From the first line of the entries down to the line with "Line((-29.308948277, 10.352456872), (-30, 10.352456872))", write out every line exactly; that last line counts, but pictures do not.

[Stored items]

--- --- ---

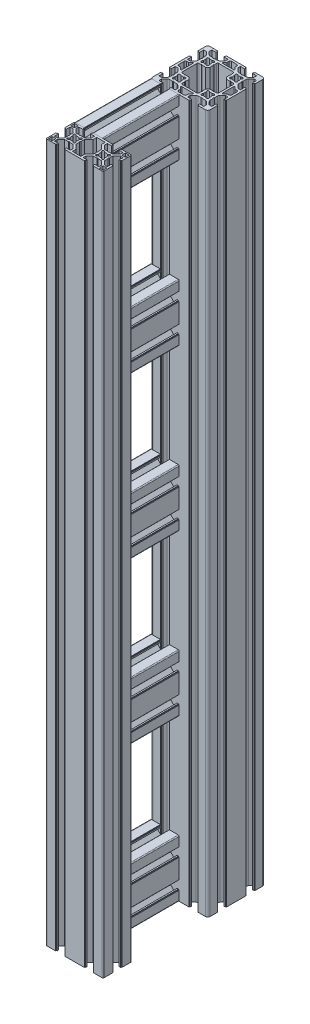
from build123d import *

# Parameters (mm, degrees)
T_SLOT_CNCCAT_6060_1_DEPTH       = 734
T_SLOT_START                     = -367
T_SLOT_CNCCAT_3060_1_OUTLINE_W   = 3.960773678
T_SLOT_CNCCAT_3060_1_OUTLINE_H   = 3.960773678
T_SLOT_CNCCAT_3060_1_DEPTH       = 734
T_SLOT_START_2                   = -85
T_SLOT_CNCCAT_3060_1_2_OUTLINE_W = 3.960773678
T_SLOT_CNCCAT_3060_1_2_OUTLINE_H = 3.960773678
T_SLOT_CNCCAT_3060_1_2_DEPTH     = 140
LPATTERN1_COUNT                  = 5
LPATTERN1_PITCH                  = 168.5


# Read off the part's stored shape, not the designer's step: T-slot CNCCAT-3060(1)
with BuildPart() as part:
    # Sketch23 → T-slot CNCCAT-6060(1) (new body)
    with BuildSketch(Plane(origin=(0, -367, -55), x_dir=(1, 0, 0), z_dir=(0, 1, 0))):
        with BuildLine():
            Line((-27.8, 10.9), (-29.308948277, 10.9))
            Line((-29.308948277, 10.9), (-29.308948277, 10.352456872))
            Line((-29.308948277, 10.352456872), (-30, 10.352456872))
            Line((-30, 10.352456872), (-30, -10.352456872))
            Line((-30, -10.352456872), (-29.308948277, -10.352456872))
            Line((-29.308948277, -10.352456872), (-29.308948277, -10.9))
            Line((-29.308948277, -10.9), (-27.8, -10.9))
            Line((-27.8, -10.9), (-27.8, -6.454151397))
            Line((-27.8, -6.454151397), (-25.075389995, -6.454151397))
            Line((-25.075389995, -6.454151397), (-22.070492345, -9.459049047))
            ThreePointArc((-22.070492345, -9.459049047), (-21.508667773, -10.299878939), (-21.311381219, -11.291705423))
            Line((-21.311381219, -11.291705423), (-21.311381219, -14.439031423))
            ThreePointArc((-21.311381219, -14.439031423), (-20.750412642, -15), (-21.311381219, -15.560968577))
            Line((-21.311381219, -15.560968577), (-21.311381219, -18.708294577))
            ThreePointArc((-21.311381219, -18.708294577), (-21.508667773, -19.700121061), (-22.070492345, -20.540950953))
            Line((-22.070492345, -20.540950953), (-25.075389995, -23.545848603))
            Line((-25.075389995, -23.545848603), (-27.8, -23.545848603))
            Line((-27.8, -23.545848603), (-27.8, -19.1))
            Line((-27.8, -19.1), (-29.308948277, -19.1))
            Line((-29.308948277, -19.1), (-29.308948277, -19.647543128))
            Line((-29.308948277, -19.647543128), (-30, -19.647543128))
            Line((-30, -19.647543128), (-30, -27.5))
            ThreePointArc((-30, -27.5), (-29.267766953, -29.267766953), (-27.5, -30))
            Line((-27.5, -30), (-19.647543128, -30))
            Line((-19.647543128, -30), (-19.647543128, -29.308948277))
            Line((-19.647543128, -29.308948277), (-19.1, -29.308948277))
            Line((-19.1, -29.308948277), (-19.1, -27.8))
            Line((-19.1, -27.8), (-23.545848603, -27.8))
            Line((-23.545848603, -27.8), (-23.545848603, -25.075389995))
            Line((-23.545848603, -25.075389995), (-20.540950953, -22.070492345))
            ThreePointArc((-20.540950953, -22.070492345), (-19.700121061, -21.508667773), (-18.708294577, -21.311381219))
            Line((-18.708294577, -21.311381219), (-15.560968577, -21.311381219))
            ThreePointArc((-15.560968577, -21.311381219), (-15, -20.750412642), (-14.439031423, -21.311381219))
            Line((-14.439031423, -21.311381219), (-11.291705423, -21.311381219))
            ThreePointArc((-11.291705423, -21.311381219), (-10.299878939, -21.508667773), (-9.459049047, -22.070492345))
            Line((-9.459049047, -22.070492345), (-6.454151397, -25.075389995))
            Line((-6.454151397, -25.075389995), (-6.454151397, -27.8))
            Line((-6.454151397, -27.8), (-10.9, -27.8))
            Line((-10.9, -27.8), (-10.9, -29.308948277))
            Line((-10.9, -29.308948277), (-10.352456872, -29.308948277))
            Line((-10.352456872, -29.308948277), (-10.352456872, -30))
            Line((-10.352456872, -30), (10.352456872, -30))
            Line((10.352456872, -30), (10.352456872, -29.308948277))
            Line((10.352456872, -29.308948277), (10.9, -29.308948277))
            Line((10.9, -29.308948277), (10.9, -27.8))
            Line((10.9, -27.8), (6.454151397, -27.8))
            Line((6.454151397, -27.8), (6.454151397, -25.075389995))
            Line((6.454151397, -25.075389995), (9.459049047, -22.070492345))
            ThreePointArc((9.459049047, -22.070492345), (10.299878939, -21.508667773), (11.291705423, -21.311381219))
            Line((11.291705423, -21.311381219), (14.439031423, -21.311381219))
            ThreePointArc((14.439031423, -21.311381219), (15, -20.750412642), (15.560968577, -21.311381219))
            Line((15.560968577, -21.311381219), (18.708294577, -21.311381219))
            ThreePointArc((18.708294577, -21.311381219), (19.700121061, -21.508667773), (20.540950953, -22.070492345))
            Line((20.540950953, -22.070492345), (23.545848603, -25.075389995))
            Line((23.545848603, -25.075389995), (23.545848603, -27.8))
            Line((23.545848603, -27.8), (19.1, -27.8))
            Line((19.1, -27.8), (19.1, -29.308948277))
            Line((19.1, -29.308948277), (19.647543128, -29.308948277))
            Line((19.647543128, -29.308948277), (19.647543128, -30))
            Line((19.647543128, -30), (27.5, -30))
            ThreePointArc((27.5, -30), (29.267766953, -29.267766953), (30, -27.5))
            Line((30, -27.5), (30, -19.647543128))
            Line((30, -19.647543128), (29.308948277, -19.647543128))
            Line((29.308948277, -19.647543128), (29.308948277, -19.1))
            Line((29.308948277, -19.1), (27.8, -19.1))
            Line((27.8, -19.1), (27.8, -23.545848603))
            Line((27.8, -23.545848603), (25.075389995, -23.545848603))
            Line((25.075389995, -23.545848603), (22.070492345, -20.540950953))
            ThreePointArc((22.070492345, -20.540950953), (21.508667773, -19.700121061), (21.311381219, -18.708294577))
            Line((21.311381219, -18.708294577), (21.311381219, -15.560968577))
            ThreePointArc((21.311381219, -15.560968577), (20.750412642, -15), (21.311381219, -14.439031423))
            Line((21.311381219, -14.439031423), (21.311381219, -11.291705423))
            ThreePointArc((21.311381219, -11.291705423), (21.508667773, -10.299878939), (22.070492345, -9.459049047))
            Line((22.070492345, -9.459049047), (25.075389995, -6.454151397))
            Line((25.075389995, -6.454151397), (27.8, -6.454151397))
            Line((27.8, -6.454151397), (27.8, -10.9))
            Line((27.8, -10.9), (29.308948277, -10.9))
            Line((29.308948277, -10.9), (29.308948277, -10.352456872))
            Line((29.308948277, -10.352456872), (30, -10.352456872))
            Line((30, -10.352456872), (30, 10.352456872))
            Line((30, 10.352456872), (29.308948277, 10.352456872))
            Line((29.308948277, 10.352456872), (29.308948277, 10.9))
            Line((29.308948277, 10.9), (27.8, 10.9))
            Line((27.8, 10.9), (27.8, 6.454151397))
            Line((27.8, 6.454151397), (25.075389995, 6.454151397))
            Line((25.075389995, 6.454151397), (22.070492345, 9.459049047))
            ThreePointArc((22.070492345, 9.459049047), (21.508667773, 10.299878939), (21.311381219, 11.291705423))
            Line((21.311381219, 11.291705423), (21.311381219, 14.439031423))
            ThreePointArc((21.311381219, 14.439031423), (20.750412642, 15), (21.311381219, 15.560968577))
            Line((21.311381219, 15.560968577), (21.311381219, 18.708294577))
            ThreePointArc((21.311381219, 18.708294577), (21.508667773, 19.700121061), (22.070492345, 20.540950953))
            Line((22.070492345, 20.540950953), (25.075389995, 23.545848603))
            Line((25.075389995, 23.545848603), (27.8, 23.545848603))
            Line((27.8, 23.545848603), (27.8, 19.1))
            Line((27.8, 19.1), (29.308948277, 19.1))
            Line((29.308948277, 19.1), (29.308948277, 19.647543128))
            Line((29.308948277, 19.647543128), (30, 19.647543128))
            Line((30, 19.647543128), (30, 27.5))
            ThreePointArc((30, 27.5), (29.267766953, 29.267766953), (27.5, 30))
            Line((27.5, 30), (19.647543128, 30))
            Line((19.647543128, 30), (19.647543128, 29.308948277))
            Line((19.647543128, 29.308948277), (19.1, 29.308948277))
            Line((19.1, 29.308948277), (19.1, 27.8))
            Line((19.1, 27.8), (23.545848603, 27.8))
            Line((23.545848603, 27.8), (23.545848603, 25.075389995))
            Line((23.545848603, 25.075389995), (20.540950953, 22.070492345))
            ThreePointArc((20.540950953, 22.070492345), (19.700121061, 21.508667773), (18.708294577, 21.311381219))
            Line((18.708294577, 21.311381219), (15.560968577, 21.311381219))
            ThreePointArc((15.560968577, 21.311381219), (15, 20.750412642), (14.439031423, 21.311381219))
            Line((14.439031423, 21.311381219), (11.291705423, 21.311381219))
            ThreePointArc((11.291705423, 21.311381219), (10.299878939, 21.508667773), (9.459049047, 22.070492345))
            Line((9.459049047, 22.070492345), (6.454151397, 25.075389995))
            Line((6.454151397, 25.075389995), (6.454151397, 27.8))
            Line((6.454151397, 27.8), (10.9, 27.8))
            Line((10.9, 27.8), (10.9, 29.308948277))
            Line((10.9, 29.308948277), (10.352456872, 29.308948277))
            Line((10.352456872, 29.308948277), (10.352456872, 30))
            Line((10.352456872, 30), (-10.352456872, 30))
            Line((-10.352456872, 30), (-10.352456872, 29.308948277))
            Line((-10.352456872, 29.308948277), (-10.9, 29.308948277))
            Line((-10.9, 29.308948277), (-10.9, 27.8))
            Line((-10.9, 27.8), (-6.454151397, 27.8))
            Line((-6.454151397, 27.8), (-6.454151397, 25.075389995))
            Line((-6.454151397, 25.075389995), (-9.459049047, 22.070492345))
            ThreePointArc((-9.459049047, 22.070492345), (-10.299878939, 21.508667773), (-11.291705423, 21.311381219))
            Line((-11.291705423, 21.311381219), (-14.439031423, 21.311381219))
            ThreePointArc((-14.439031423, 21.311381219), (-15, 20.750412642), (-15.560968577, 21.311381219))
            Line((-15.560968577, 21.311381219), (-18.708294577, 21.311381219))
            ThreePointArc((-18.708294577, 21.311381219), (-19.700121061, 21.508667773), (-20.540950953, 22.070492345))
            Line((-20.540950953, 22.070492345), (-23.545848603, 25.075389995))
            Line((-23.545848603, 25.075389995), (-23.545848603, 27.8))
            Line((-23.545848603, 27.8), (-19.1, 27.8))
            Line((-19.1, 27.8), (-19.1, 29.308948277))
            Line((-19.1, 29.308948277), (-19.647543128, 29.308948277))
            Line((-19.647543128, 29.308948277), (-19.647543128, 30))
            Line((-19.647543128, 30), (-27.5, 30))
            ThreePointArc((-27.5, 30), (-29.267766953, 29.267766953), (-30, 27.5))
            Line((-30, 27.5), (-30, 19.647543128))
            Line((-30, 19.647543128), (-29.308948277, 19.647543128))
            Line((-29.308948277, 19.647543128), (-29.308948277, 19.1))
            Line((-29.308948277, 19.1), (-27.8, 19.1))
            Line((-27.8, 19.1), (-27.8, 23.545848603))
            Line((-27.8, 23.545848603), (-25.075389995, 23.545848603))
            Line((-25.075389995, 23.545848603), (-22.070492345, 20.540950953))
            ThreePointArc((-22.070492345, 20.540950953), (-21.508667773, 19.700121061), (-21.311381219, 18.708294577))
            Line((-21.311381219, 18.708294577), (-21.311381219, 15.560968577))
            ThreePointArc((-21.311381219, 15.560968577), (-20.750412642, 15), (-21.311381219, 14.439031423))
            Line((-21.311381219, 14.439031423), (-21.311381219, 11.291705423))
            ThreePointArc((-21.311381219, 11.291705423), (-21.508667773, 10.299878939), (-22.070492345, 9.459049047))
            Line((-22.070492345, 9.459049047), (-25.075389995, 6.454151397))
            Line((-25.075389995, 6.454151397), (-27.8, 6.454151397))
            Line((-27.8, 6.454151397), (-27.8, 10.9))
        make_face()
        with BuildLine():
            Line((18.193140614, 16.433127007), (18.602611084, 16.842597476))
            ThreePointArc((18.602611084, 16.842597476), (18.602611084, 18.602611084), (16.842597476, 18.602611084))
            Line((16.842597476, 18.602611084), (16.433127007, 18.193140614))
            ThreePointArc((16.433127007, 18.193140614), (15, 18.5), (13.566872993, 18.193140614))
            Line((13.566872993, 18.193140614), (13.157402524, 18.602611084))
            ThreePointArc((13.157402524, 18.602611084), (11.397388916, 18.602611084), (11.397388916, 16.842597476))
            Line((11.397388916, 16.842597476), (11.806859386, 16.433127007))
            ThreePointArc((11.806859386, 16.433127007), (11.5, 15), (11.806859386, 13.566872993))
            Line((11.806859386, 13.566872993), (11.397388916, 13.157402524))
            ThreePointArc((11.397388916, 13.157402524), (11.397388916, 11.397388916), (13.157402524, 11.397388916))
            Line((13.157402524, 11.397388916), (13.566872993, 11.806859386))
            ThreePointArc((13.566872993, 11.806859386), (15, 11.5), (16.433127007, 11.806859386))
            Line((16.433127007, 11.806859386), (16.842597476, 11.397388916))
            ThreePointArc((16.842597476, 11.397388916), (18.602611084, 11.397388916), (18.602611084, 13.157402524))
            Line((18.602611084, 13.157402524), (18.193140614, 13.566872993))
            ThreePointArc((18.193140614, 13.566872993), (18.5, 15), (18.193140614, 16.433127007))
        make_face(mode=Mode.SUBTRACT)
        with BuildLine():
            Line((6.282040861, 22.24002752), (4.26564751, 24.396147163))
            Line((4.26564751, 24.396147163), (4.26564751, 26.445405504))
            ThreePointArc((4.26564751, 26.445405504), (3.694557458, 27.417202224), (2.634369467, 27.8))
            Line((2.634369467, 27.8), (-2.634369467, 27.8))
            ThreePointArc((-2.634369467, 27.8), (-3.694557458, 27.417202224), (-4.26564751, 26.445405504))
            Line((-4.26564751, 26.445405504), (-4.26564751, 24.396147163))
            Line((-4.26564751, 24.396147163), (-6.282040861, 22.24002752))
            ThreePointArc((-6.282040861, 22.24002752), (-6.388091607, 21.626794699), (-5.867763364, 21.285386186))
            Line((-5.867763364, 21.285386186), (5.867763364, 21.285386186))
            ThreePointArc((5.867763364, 21.285386186), (6.388091607, 21.626794699), (6.282040861, 22.24002752))
        make_face(mode=Mode.SUBTRACT)
        with BuildLine():
            Line((-18.193140614, 13.566872993), (-18.602611084, 13.157402524))
            ThreePointArc((-18.602611084, 13.157402524), (-18.602611084, 11.397388916), (-16.842597476, 11.397388916))
            Line((-16.842597476, 11.397388916), (-16.433127007, 11.806859386))
            ThreePointArc((-16.433127007, 11.806859386), (-15, 11.5), (-13.566872993, 11.806859386))
            Line((-13.566872993, 11.806859386), (-13.157402524, 11.397388916))
            ThreePointArc((-13.157402524, 11.397388916), (-11.397388916, 11.397388916), (-11.397388916, 13.157402524))
            Line((-11.397388916, 13.157402524), (-11.806859386, 13.566872993))
            ThreePointArc((-11.806859386, 13.566872993), (-11.5, 15), (-11.806859386, 16.433127007))
            Line((-11.806859386, 16.433127007), (-11.397388916, 16.842597476))
            ThreePointArc((-11.397388916, 16.842597476), (-11.397388916, 18.602611084), (-13.157402524, 18.602611084))
            Line((-13.157402524, 18.602611084), (-13.566872993, 18.193140614))
            ThreePointArc((-13.566872993, 18.193140614), (-15, 18.5), (-16.433127007, 18.193140614))
            Line((-16.433127007, 18.193140614), (-16.842597476, 18.602611084))
            ThreePointArc((-16.842597476, 18.602611084), (-18.602611084, 18.602611084), (-18.602611084, 16.842597476))
            Line((-18.602611084, 16.842597476), (-18.193140614, 16.433127007))
            ThreePointArc((-18.193140614, 16.433127007), (-18.5, 15), (-18.193140614, 13.566872993))
        make_face(mode=Mode.SUBTRACT)
        with BuildLine():
            Line((18.193140614, -13.566872993), (18.602611084, -13.157402524))
            ThreePointArc((18.602611084, -13.157402524), (18.602611084, -11.397388916), (16.842597476, -11.397388916))
            Line((16.842597476, -11.397388916), (16.433127007, -11.806859386))
            ThreePointArc((16.433127007, -11.806859386), (15, -11.5), (13.566872993, -11.806859386))
            Line((13.566872993, -11.806859386), (13.157402524, -11.397388916))
            ThreePointArc((13.157402524, -11.397388916), (11.397388916, -11.397388916), (11.397388916, -13.157402524))
            Line((11.397388916, -13.157402524), (11.806859386, -13.566872993))
            ThreePointArc((11.806859386, -13.566872993), (11.5, -15), (11.806859386, -16.433127007))
            Line((11.806859386, -16.433127007), (11.397388916, -16.842597476))
            ThreePointArc((11.397388916, -16.842597476), (11.397388916, -18.602611084), (13.157402524, -18.602611084))
            Line((13.157402524, -18.602611084), (13.566872993, -18.193140614))
            ThreePointArc((13.566872993, -18.193140614), (15, -18.5), (16.433127007, -18.193140614))
            Line((16.433127007, -18.193140614), (16.842597476, -18.602611084))
            ThreePointArc((16.842597476, -18.602611084), (18.602611084, -18.602611084), (18.602611084, -16.842597476))
            Line((18.602611084, -16.842597476), (18.193140614, -16.433127007))
            ThreePointArc((18.193140614, -16.433127007), (18.5, -15), (18.193140614, -13.566872993))
        make_face(mode=Mode.SUBTRACT)
        with BuildLine():
            Line((-6.282040861, -22.24002752), (-4.26564751, -24.396147163))
            Line((-4.26564751, -24.396147163), (-4.26564751, -26.445405504))
            ThreePointArc((-4.26564751, -26.445405504), (-3.694557458, -27.417202224), (-2.634369467, -27.8))
            Line((-2.634369467, -27.8), (2.634369467, -27.8))
            ThreePointArc((2.634369467, -27.8), (3.694557458, -27.417202224), (4.26564751, -26.445405504))
            Line((4.26564751, -26.445405504), (4.26564751, -24.396147163))
            Line((4.26564751, -24.396147163), (6.282040861, -22.24002752))
            ThreePointArc((6.282040861, -22.24002752), (6.388091607, -21.626794699), (5.867763364, -21.285386186))
            Line((5.867763364, -21.285386186), (-5.867763364, -21.285386186))
            ThreePointArc((-5.867763364, -21.285386186), (-6.388091607, -21.626794699), (-6.282040861, -22.24002752))
        make_face(mode=Mode.SUBTRACT)
        with BuildLine():
            Line((-18.193140614, -16.433127007), (-18.602611084, -16.842597476))
            ThreePointArc((-18.602611084, -16.842597476), (-18.602611084, -18.602611084), (-16.842597476, -18.602611084))
            Line((-16.842597476, -18.602611084), (-16.433127007, -18.193140614))
            ThreePointArc((-16.433127007, -18.193140614), (-15, -18.5), (-13.566872993, -18.193140614))
            Line((-13.566872993, -18.193140614), (-13.157402524, -18.602611084))
            ThreePointArc((-13.157402524, -18.602611084), (-11.397388916, -18.602611084), (-11.397388916, -16.842597476))
            Line((-11.397388916, -16.842597476), (-11.806859386, -16.433127007))
            ThreePointArc((-11.806859386, -16.433127007), (-11.5, -15), (-11.806859386, -13.566872993))
            Line((-11.806859386, -13.566872993), (-11.397388916, -13.157402524))
            ThreePointArc((-11.397388916, -13.157402524), (-11.397388916, -11.397388916), (-13.157402524, -11.397388916))
            Line((-13.157402524, -11.397388916), (-13.566872993, -11.806859386))
            ThreePointArc((-13.566872993, -11.806859386), (-15, -11.5), (-16.433127007, -11.806859386))
            Line((-16.433127007, -11.806859386), (-16.842597476, -11.397388916))
            ThreePointArc((-16.842597476, -11.397388916), (-18.602611084, -11.397388916), (-18.602611084, -13.157402524))
            Line((-18.602611084, -13.157402524), (-18.193140614, -13.566872993))
            ThreePointArc((-18.193140614, -13.566872993), (-18.5, -15), (-18.193140614, -16.433127007))
        make_face(mode=Mode.SUBTRACT)
        with BuildLine():
            Line((24.396147163, 4.26564751), (22.24002752, 6.282040861))
            ThreePointArc((22.24002752, 6.282040861), (21.626794699, 6.388091607), (21.285386186, 5.867763364))
            Line((21.285386186, 5.867763364), (21.285386186, -5.867763364))
            ThreePointArc((21.285386186, -5.867763364), (21.626794699, -6.388091607), (22.24002752, -6.282040861))
            Line((22.24002752, -6.282040861), (24.396147163, -4.26564751))
            Line((24.396147163, -4.26564751), (26.445405504, -4.26564751))
            ThreePointArc((26.445405504, -4.26564751), (27.417202224, -3.694557458), (27.8, -2.634369467))
            Line((27.8, -2.634369467), (27.8, 2.634369467))
            ThreePointArc((27.8, 2.634369467), (27.417202224, 3.694557458), (26.445405504, 4.26564751))
            Line((26.445405504, 4.26564751), (24.396147163, 4.26564751))
        make_face(mode=Mode.SUBTRACT)
        with BuildLine():
            Line((-24.396147163, 4.26564751), (-26.445405504, 4.26564751))
            ThreePointArc((-26.445405504, 4.26564751), (-27.417202224, 3.694557458), (-27.8, 2.634369467))
            Line((-27.8, 2.634369467), (-27.8, -2.634369467))
            ThreePointArc((-27.8, -2.634369467), (-27.417202224, -3.694557458), (-26.445405504, -4.26564751))
            Line((-26.445405504, -4.26564751), (-24.396147163, -4.26564751))
            Line((-24.396147163, -4.26564751), (-22.24002752, -6.282040861))
            ThreePointArc((-22.24002752, -6.282040861), (-21.626794699, -6.388091607), (-21.285386186, -5.867763364))
            Line((-21.285386186, -5.867763364), (-21.285386186, 5.867763364))
            ThreePointArc((-21.285386186, 5.867763364), (-21.626794699, 6.388091607), (-22.24002752, 6.282040861))
            Line((-22.24002752, 6.282040861), (-24.396147163, 4.26564751))
        make_face(mode=Mode.SUBTRACT)
        with BuildLine():
            Line((-18.034191115, -8.800723479), (-15.557567424, -8.800723479))
            ThreePointArc((-15.557567424, -8.800723479), (-15.054765689, -9.303525214), (-14.551963954, -8.800723479))
            Line((-14.551963954, -8.800723479), (-10.998266395, -8.800723479))
            Line((-10.998266395, -8.800723479), (-8.800723479, -10.998266395))
            Line((-8.800723479, -10.998266395), (-8.800723479, -14.551963954))
            ThreePointArc((-8.800723479, -14.551963954), (-9.303525214, -15.054765689), (-8.800723479, -15.557567424))
            Line((-8.800723479, -15.557567424), (-8.800723479, -18.034191115))
            ThreePointArc((-8.800723479, -18.034191115), (-8.470816457, -18.830657122), (-7.67435045, -19.160564144))
            Line((-7.67435045, -19.160564144), (7.67435045, -19.160564144))
            ThreePointArc((7.67435045, -19.160564144), (8.470816457, -18.830657122), (8.800723479, -18.034191115))
            Line((8.800723479, -18.034191115), (8.800723479, -15.557567424))
            ThreePointArc((8.800723479, -15.557567424), (9.303525214, -15.054765689), (8.800723479, -14.551963954))
            Line((8.800723479, -14.551963954), (8.800723479, -10.998266395))
            Line((8.800723479, -10.998266395), (10.998266395, -8.800723479))
            Line((10.998266395, -8.800723479), (14.551963954, -8.800723479))
            ThreePointArc((14.551963954, -8.800723479), (15.054765689, -9.303525214), (15.557567424, -8.800723479))
            Line((15.557567424, -8.800723479), (18.034191115, -8.800723479))
            ThreePointArc((18.034191115, -8.800723479), (18.830657122, -8.470816457), (19.160564144, -7.67435045))
            Line((19.160564144, -7.67435045), (19.160564144, 7.67435045))
            ThreePointArc((19.160564144, 7.67435045), (18.830657122, 8.470816457), (18.034191115, 8.800723479))
            Line((18.034191115, 8.800723479), (15.557567424, 8.800723479))
            ThreePointArc((15.557567424, 8.800723479), (15.054765689, 9.303525214), (14.551963954, 8.800723479))
            Line((14.551963954, 8.800723479), (10.998266395, 8.800723479))
            Line((10.998266395, 8.800723479), (8.800723479, 10.998266395))
            Line((8.800723479, 10.998266395), (8.800723479, 14.551963954))
            ThreePointArc((8.800723479, 14.551963954), (9.303525214, 15.054765689), (8.800723479, 15.557567424))
            Line((8.800723479, 15.557567424), (8.800723479, 18.034191115))
            ThreePointArc((8.800723479, 18.034191115), (8.470816457, 18.830657122), (7.67435045, 19.160564144))
            Line((7.67435045, 19.160564144), (-7.67435045, 19.160564144))
            ThreePointArc((-7.67435045, 19.160564144), (-8.470816457, 18.830657122), (-8.800723479, 18.034191115))
            Line((-8.800723479, 18.034191115), (-8.800723479, 15.557567424))
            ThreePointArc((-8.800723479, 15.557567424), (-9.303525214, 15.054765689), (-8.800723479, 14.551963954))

--- --- ---

> _Task answer_
from build123d import *

# Parameters (mm, degrees)
T_SLOT_CNCCAT_6060_1_DEPTH       = 734
T_SLOT_START                     = -367
T_SLOT_CNCCAT_3060_1_OUTLINE_W   = 3.960773678
T_SLOT_CNCCAT_3060_1_OUTLINE_H   = 3.960773678
T_SLOT_CNCCAT_3060_1_DEPTH       = 734
T_SLOT_START_2                   = -85
T_SLOT_CNCCAT_3060_1_2_OUTLINE_W = 3.960773678
T_SLOT_CNCCAT_3060_1_2_OUTLINE_H = 3.960773678
T_SLOT_CNCCAT_3060_1_2_DEPTH     = 140
LPATTERN1_COUNT                  = 5
LPATTERN1_PITCH                  = 168.5


# Read off the part's stored shape, not the designer's step: T-slot CNCCAT-3060(1)
with BuildPart() as part:
    # Sketch23 → T-slot CNCCAT-6060(1) (new body)
    with BuildSketch(Plane(origin=(0, -367, -55), x_dir=(1, 0, 0), z_dir=(0, 1, 0))):
        with BuildLine():
            Line((-27.8, 10.9), (-29.308948277, 10.9))
            Line((-29.308948277, 10.9), (-29.308948277, 10.352456872))
            Line((-29.308948277, 10.352456872), (-30, 10.352456872))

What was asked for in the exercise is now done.